> **What this task involves**: Transcribe the listing below exactly, without pictures.

── The data ──

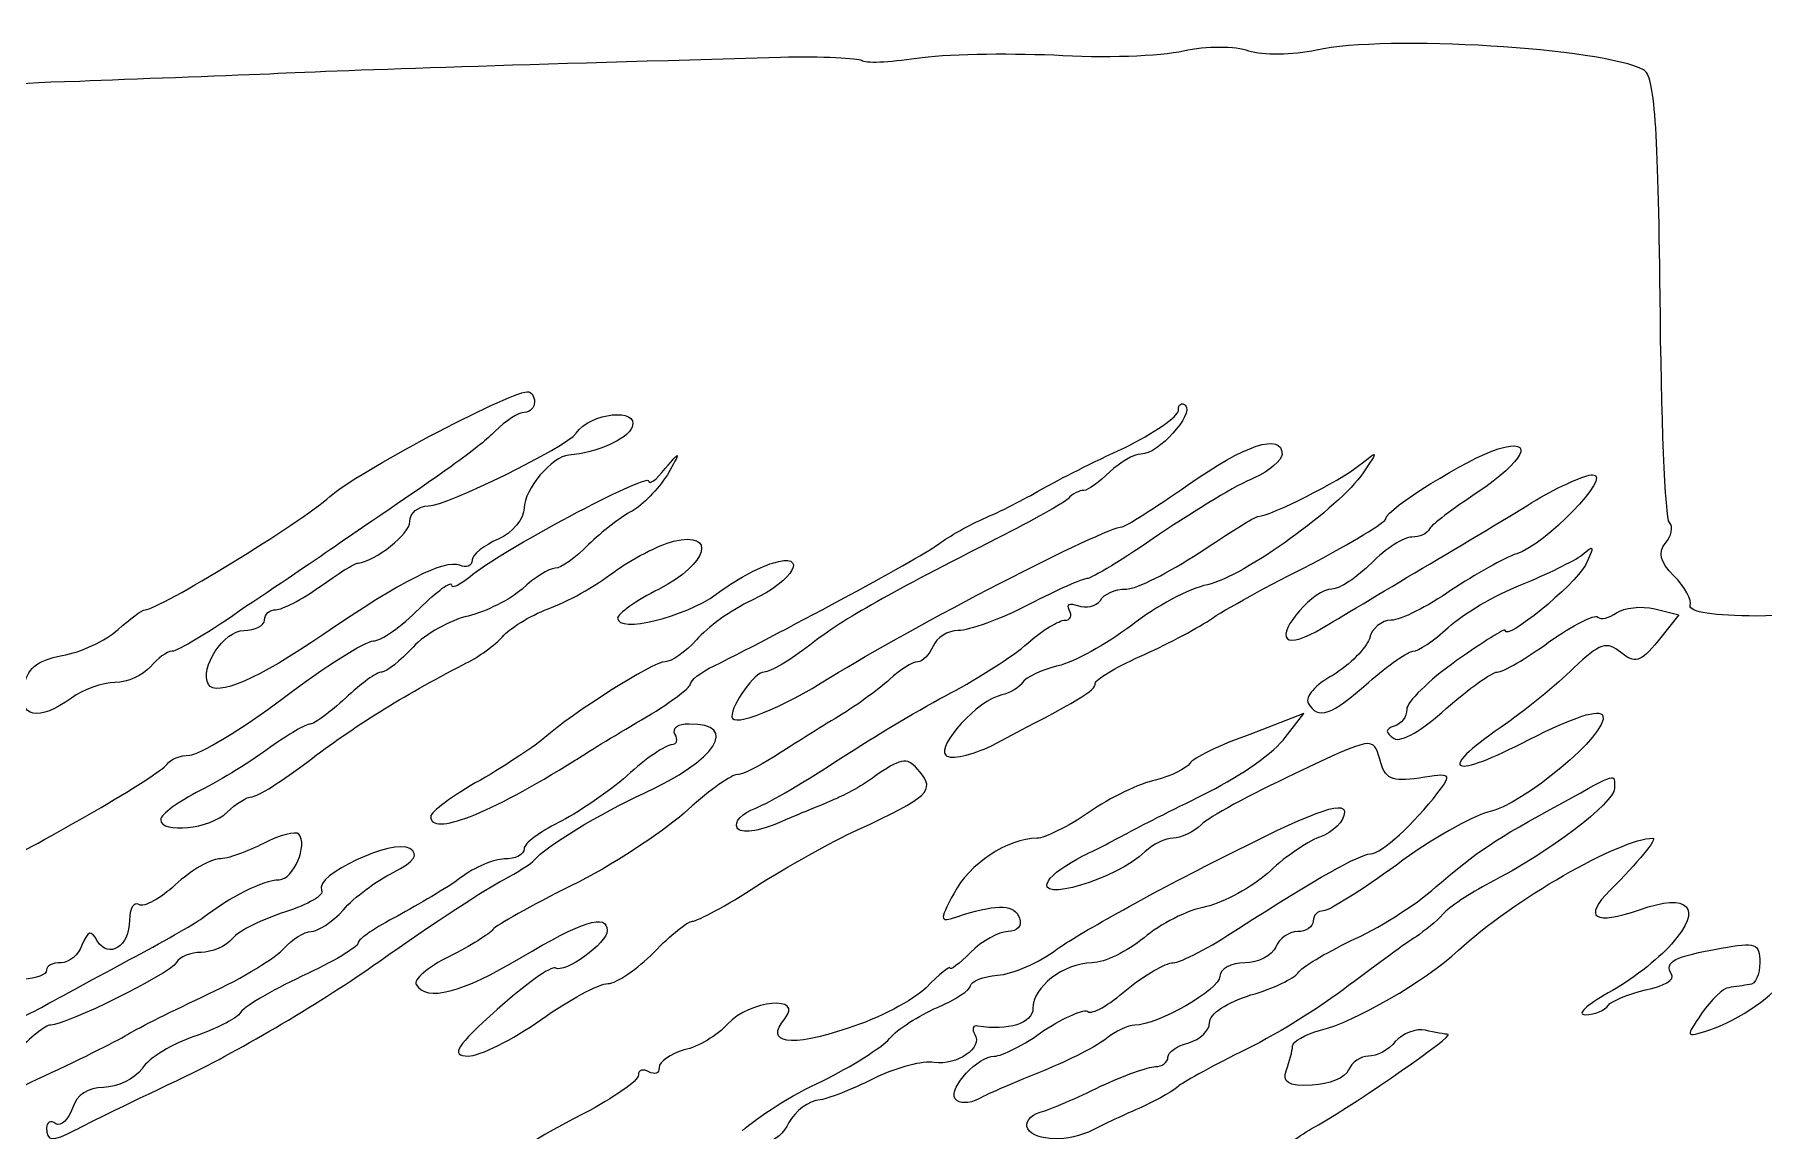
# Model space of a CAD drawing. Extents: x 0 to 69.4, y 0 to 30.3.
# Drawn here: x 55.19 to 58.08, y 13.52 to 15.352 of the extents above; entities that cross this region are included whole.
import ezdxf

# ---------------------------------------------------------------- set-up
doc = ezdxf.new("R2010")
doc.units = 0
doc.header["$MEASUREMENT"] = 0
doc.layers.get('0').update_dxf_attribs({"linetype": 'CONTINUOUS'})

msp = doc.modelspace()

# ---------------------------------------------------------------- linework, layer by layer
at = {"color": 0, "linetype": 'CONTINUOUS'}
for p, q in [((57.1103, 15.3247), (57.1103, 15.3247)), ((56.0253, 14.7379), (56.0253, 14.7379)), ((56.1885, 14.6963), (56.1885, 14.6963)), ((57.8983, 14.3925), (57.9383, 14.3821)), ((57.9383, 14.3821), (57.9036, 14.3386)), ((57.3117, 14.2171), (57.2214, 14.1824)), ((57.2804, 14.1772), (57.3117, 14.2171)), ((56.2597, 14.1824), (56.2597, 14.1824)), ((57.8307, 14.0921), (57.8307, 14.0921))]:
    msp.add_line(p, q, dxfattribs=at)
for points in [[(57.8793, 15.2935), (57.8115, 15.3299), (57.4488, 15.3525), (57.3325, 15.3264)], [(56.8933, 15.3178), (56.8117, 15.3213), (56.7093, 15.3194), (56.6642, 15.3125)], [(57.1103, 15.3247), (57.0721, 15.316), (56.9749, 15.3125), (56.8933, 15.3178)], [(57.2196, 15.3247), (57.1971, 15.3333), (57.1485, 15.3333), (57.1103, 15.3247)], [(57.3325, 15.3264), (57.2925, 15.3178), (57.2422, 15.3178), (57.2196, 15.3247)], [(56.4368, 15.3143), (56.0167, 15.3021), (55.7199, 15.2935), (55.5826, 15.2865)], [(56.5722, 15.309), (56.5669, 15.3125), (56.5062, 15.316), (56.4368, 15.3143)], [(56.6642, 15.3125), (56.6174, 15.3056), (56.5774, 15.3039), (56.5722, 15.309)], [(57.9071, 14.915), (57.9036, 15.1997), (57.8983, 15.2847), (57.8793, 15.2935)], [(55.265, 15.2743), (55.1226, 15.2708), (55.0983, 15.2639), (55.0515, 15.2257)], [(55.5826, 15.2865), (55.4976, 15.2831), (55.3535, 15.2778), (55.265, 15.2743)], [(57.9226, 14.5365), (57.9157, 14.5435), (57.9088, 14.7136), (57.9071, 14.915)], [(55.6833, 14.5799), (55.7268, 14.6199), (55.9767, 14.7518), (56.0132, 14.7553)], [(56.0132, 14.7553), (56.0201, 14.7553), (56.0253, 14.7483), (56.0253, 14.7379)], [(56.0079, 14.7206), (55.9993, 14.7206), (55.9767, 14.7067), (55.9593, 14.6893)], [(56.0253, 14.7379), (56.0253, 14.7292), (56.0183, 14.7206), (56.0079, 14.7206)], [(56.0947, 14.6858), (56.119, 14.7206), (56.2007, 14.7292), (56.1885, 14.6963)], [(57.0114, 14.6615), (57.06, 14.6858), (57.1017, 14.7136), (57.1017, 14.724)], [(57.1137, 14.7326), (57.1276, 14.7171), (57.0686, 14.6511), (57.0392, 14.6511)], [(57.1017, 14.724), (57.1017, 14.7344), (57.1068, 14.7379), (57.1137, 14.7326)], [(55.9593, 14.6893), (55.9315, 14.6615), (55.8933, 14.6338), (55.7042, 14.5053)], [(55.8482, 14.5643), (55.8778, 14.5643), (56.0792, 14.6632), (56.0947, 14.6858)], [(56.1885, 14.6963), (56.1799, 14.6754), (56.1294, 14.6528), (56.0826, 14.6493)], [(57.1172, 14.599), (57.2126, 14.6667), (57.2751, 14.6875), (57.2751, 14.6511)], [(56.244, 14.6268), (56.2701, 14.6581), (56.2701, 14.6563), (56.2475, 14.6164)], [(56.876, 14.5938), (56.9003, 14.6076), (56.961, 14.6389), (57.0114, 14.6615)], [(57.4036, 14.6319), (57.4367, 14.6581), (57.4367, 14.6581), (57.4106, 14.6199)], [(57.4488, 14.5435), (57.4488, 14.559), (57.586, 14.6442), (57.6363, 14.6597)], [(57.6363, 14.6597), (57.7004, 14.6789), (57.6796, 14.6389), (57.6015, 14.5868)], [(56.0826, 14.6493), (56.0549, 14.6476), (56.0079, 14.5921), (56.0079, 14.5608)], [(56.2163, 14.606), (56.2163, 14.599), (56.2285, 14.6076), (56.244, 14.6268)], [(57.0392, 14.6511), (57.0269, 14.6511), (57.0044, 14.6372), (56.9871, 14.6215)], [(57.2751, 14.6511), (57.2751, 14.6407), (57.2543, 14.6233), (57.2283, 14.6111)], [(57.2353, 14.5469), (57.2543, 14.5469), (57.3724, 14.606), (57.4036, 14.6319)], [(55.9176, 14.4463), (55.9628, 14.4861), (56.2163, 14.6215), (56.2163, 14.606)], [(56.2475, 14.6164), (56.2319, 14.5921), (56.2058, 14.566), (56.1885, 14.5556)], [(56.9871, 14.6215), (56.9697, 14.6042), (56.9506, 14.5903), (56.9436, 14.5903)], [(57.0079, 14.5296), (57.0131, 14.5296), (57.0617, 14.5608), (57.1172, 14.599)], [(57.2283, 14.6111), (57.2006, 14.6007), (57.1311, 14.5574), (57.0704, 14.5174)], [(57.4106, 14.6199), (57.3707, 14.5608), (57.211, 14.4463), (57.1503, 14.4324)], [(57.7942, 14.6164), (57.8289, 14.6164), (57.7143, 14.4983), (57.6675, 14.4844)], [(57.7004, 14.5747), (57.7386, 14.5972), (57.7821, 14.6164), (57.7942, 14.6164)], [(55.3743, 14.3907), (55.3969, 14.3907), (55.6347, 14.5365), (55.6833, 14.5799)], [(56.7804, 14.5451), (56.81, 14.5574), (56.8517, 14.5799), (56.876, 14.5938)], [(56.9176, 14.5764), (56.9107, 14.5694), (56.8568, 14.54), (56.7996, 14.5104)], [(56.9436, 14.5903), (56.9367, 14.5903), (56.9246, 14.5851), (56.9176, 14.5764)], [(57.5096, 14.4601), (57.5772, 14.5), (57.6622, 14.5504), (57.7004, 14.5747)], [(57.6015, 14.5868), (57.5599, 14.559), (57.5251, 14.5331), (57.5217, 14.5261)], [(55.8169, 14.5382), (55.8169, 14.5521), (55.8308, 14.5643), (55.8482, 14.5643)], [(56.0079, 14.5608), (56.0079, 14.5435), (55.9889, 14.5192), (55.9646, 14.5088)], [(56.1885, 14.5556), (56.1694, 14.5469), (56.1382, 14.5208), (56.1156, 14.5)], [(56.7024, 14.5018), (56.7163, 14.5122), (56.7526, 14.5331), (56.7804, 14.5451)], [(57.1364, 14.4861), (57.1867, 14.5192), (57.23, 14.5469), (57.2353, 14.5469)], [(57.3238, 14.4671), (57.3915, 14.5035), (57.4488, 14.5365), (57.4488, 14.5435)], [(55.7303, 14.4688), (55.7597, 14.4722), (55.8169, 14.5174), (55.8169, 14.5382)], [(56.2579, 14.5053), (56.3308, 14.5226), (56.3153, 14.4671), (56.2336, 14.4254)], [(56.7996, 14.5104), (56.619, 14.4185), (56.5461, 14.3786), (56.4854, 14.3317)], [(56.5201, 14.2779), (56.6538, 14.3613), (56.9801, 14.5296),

───

> **Result for this exercise**:
# Model space of a CAD drawing. Extents: x 0 to 69.4, y 0 to 30.3.
# Drawn here: x 55.19 to 58.08, y 13.52 to 15.352 of the extents above; entities that cross this region are included whole.
import ezdxf

# ---------------------------------------------------------------- set-up
doc = ezdxf.new("R2010")
doc.units = 0
doc.header["$MEASUREMENT"] = 0
doc.layers.get('0').update_dxf_attribs({"linetype": 'CONTINUOUS'})

msp = doc.modelspace()

# ---------------------------------------------------------------- linework, layer by layer
at = {"color": 0, "linetype": 'CONTINUOUS'}
for p, q in [((57.1103, 15.3247), (57.1103, 15.3247)), ((56.0253, 14.7379), (56.0253, 14.7379)), ((56.1885, 14.6963), (56.1885, 14.6963)), ((57.8983, 14.3925), (57.9383, 14.3821)), ((57.9383, 14.3821), (57.9036, 14.3386)), ((57.3117, 14.2171), (57.2214, 14.1824)), ((57.2804, 14.1772), (57.3117, 14.2171)), ((56.2597, 14.1824), (56.2597, 14.1824)), ((57.8307, 14.0921), (57.8307, 14.0921))]:
    msp.add_line(p, q, dxfattribs=at)
for points in [[(57.8793, 15.2935), (57.8115, 15.3299), (57.4488, 15.3525), (57.3325, 15.3264)], [(56.8933, 15.3178), (56.8117, 15.3213), (56.7093, 15.3194), (56.6642, 15.3125)], [(57.1103, 15.3247), (57.0721, 15.316), (56.9749, 15.3125), (56.8933, 15.3178)], [(57.2196, 15.3247), (57.1971, 15.3333), (57.1485, 15.3333), (57.1103, 15.3247)], [(57.3325, 15.3264), (57.2925, 15.3178), (57.2422, 15.3178), (57.2196, 15.3247)], [(56.4368, 15.3143), (56.0167, 15.3021), (55.7199, 15.2935), (55.5826, 15.2865)], [(56.5722, 15.309), (56.5669, 15.3125), (56.5062, 15.316), (56.4368, 15.3143)], [(56.6642, 15.3125), (56.6174, 15.3056), (56.5774, 15.3039), (56.5722, 15.309)], [(57.9071, 14.915), (57.9036, 15.1997), (57.8983, 15.2847), (57.8793, 15.2935)], [(55.265, 15.2743), (55.1226, 15.2708), (55.0983, 15.2639), (55.0515, 15.2257)], [(55.5826, 15.2865), (55.4976, 15.2831), (55.3535, 15.2778), (55.265, 15.2743)], [(57.9226, 14.5365), (57.9157, 14.5435), (57.9088, 14.7136), (57.9071, 14.915)], [(55.6833, 14.5799), (55.7268, 14.6199), (55.9767, 14.7518), (56.0132, 14.7553)], [(56.0132, 14.7553), (56.0201, 14.7553), (56.0253, 14.7483), (56.0253, 14.7379)], [(56.0079, 14.7206), (55.9993, 14.7206), (55.9767, 14.7067), (55.9593, 14.6893)], [(56.0253, 14.7379), (56.0253, 14.7292), (56.0183, 14.7206), (56.0079, 14.7206)], [(56.0947, 14.6858), (56.119, 14.7206), (56.2007, 14.7292), (56.1885, 14.6963)], [(57.0114, 14.6615), (57.06, 14.6858), (57.1017, 14.7136), (57.1017, 14.724)], [(57.1137, 14.7326), (57.1276, 14.7171), (57.0686, 14.6511), (57.0392, 14.6511)], [(57.1017, 14.724), (57.1017, 14.7344), (57.1068, 14.7379), (57.1137, 14.7326)], [(55.9593, 14.6893), (55.9315, 14.6615), (55.8933, 14.6338), (55.7042, 14.5053)], [(55.8482, 14.5643), (55.8778, 14.5643), (56.0792, 14.6632), (56.0947, 14.6858)], [(56.1885, 14.6963), (56.1799, 14.6754), (56.1294, 14.6528), (56.0826, 14.6493)], [(57.1172, 14.599), (57.2126, 14.6667), (57.2751, 14.6875), (57.2751, 14.6511)], [(56.244, 14.6268), (56.2701, 14.6581), (56.2701, 14.6563), (56.2475, 14.6164)], [(56.876, 14.5938), (56.9003, 14.6076), (56.961, 14.6389), (57.0114, 14.6615)], [(57.4036, 14.6319), (57.4367, 14.6581), (57.4367, 14.6581), (57.4106, 14.6199)], [(57.4488, 14.5435), (57.4488, 14.559), (57.586, 14.6442), (57.6363, 14.6597)], [(57.6363, 14.6597), (57.7004, 14.6789), (57.6796, 14.6389), (57.6015, 14.5868)], [(56.0826, 14.6493), (56.0549, 14.6476), (56.0079, 14.5921), (56.0079, 14.5608)], [(56.2163, 14.606), (56.2163, 14.599), (56.2285, 14.6076), (56.244, 14.6268)], [(57.0392, 14.6511), (57.0269, 14.6511), (57.0044, 14.6372), (56.9871, 14.6215)], [(57.2751, 14.6511), (57.2751, 14.6407), (57.2543, 14.6233), (57.2283, 14.6111)], [(57.2353, 14.5469), (57.2543, 14.5469), (57.3724, 14.606), (57.4036, 14.6319)], [(55.9176, 14.4463), (55.9628, 14.4861), (56.2163, 14.6215), (56.2163, 14.606)], [(56.2475, 14.6164), (56.2319, 14.5921), (56.2058, 14.566), (56.1885, 14.5556)], [(56.9871, 14.6215), (56.9697, 14.6042), (56.9506, 14.5903), (56.9436, 14.5903)], [(57.0079, 14.5296), (57.0131, 14.5296), (57.0617, 14.5608), (57.1172, 14.599)], [(57.2283, 14.6111), (57.2006, 14.6007), (57.1311, 14.5574), (57.0704, 14.5174)], [(57.4106, 14.6199), (57.3707, 14.5608), (57.211, 14.4463), (57.1503, 14.4324)], [(57.7942, 14.6164), (57.8289, 14.6164), (57.7143, 14.4983), (57.6675, 14.4844)], [(57.7004, 14.5747), (57.7386, 14.5972), (57.7821, 14.6164), (57.7942, 14.6164)], [(55.3743, 14.3907), (55.3969, 14.3907), (55.6347, 14.5365), (55.6833, 14.5799)], [(56.7804, 14.5451), (56.81, 14.5574), (56.8517, 14.5799), (56.876, 14.5938)], [(56.9176, 14.5764), (56.9107, 14.5694), (56.8568, 14.54), (56.7996, 14.5104)], [(56.9436, 14.5903), (56.9367, 14.5903), (56.9246, 14.5851), (56.9176, 14.5764)], [(57.5096, 14.4601), (57.5772, 14.5), (57.6622, 14.5504), (57.7004, 14.5747)], [(57.6015, 14.5868), (57.5599, 14.559), (57.5251, 14.5331), (57.5217, 14.5261)], [(55.8169, 14.5382), (55.8169, 14.5521), (55.8308, 14.5643), (55.8482, 14.5643)], [(56.0079, 14.5608), (56.0079, 14.5435), (55.9889, 14.5192), (55.9646, 14.5088)], [(56.1885, 14.5556), (56.1694, 14.5469), (56.1382, 14.5208), (56.1156, 14.5)], [(56.7024, 14.5018), (56.7163, 14.5122), (56.7526, 14.5331), (56.7804, 14.5451)], [(57.1364, 14.4861), (57.1867, 14.5192), (57.23, 14.5469), (57.2353, 14.5469)], [(57.3238, 14.4671), (57.3915, 14.5035), (57.4488, 14.5365), (57.4488, 14.5435)], [(55.7303, 14.4688), (55.7597, 14.4722), (55.8169, 14.5174), (55.8169, 14.5382)], [(56.2579, 14.5053), (56.3308, 14.5226), (56.3153, 14.4671), (56.2336, 14.4254)], [(56.7996, 14.5104), (56.619, 14.4185), (56.5461, 14.3786), (56.4854, 14.3317)], [(56.5201, 14.2779), (56.6538, 14.3613), (56.9801, 14.5296),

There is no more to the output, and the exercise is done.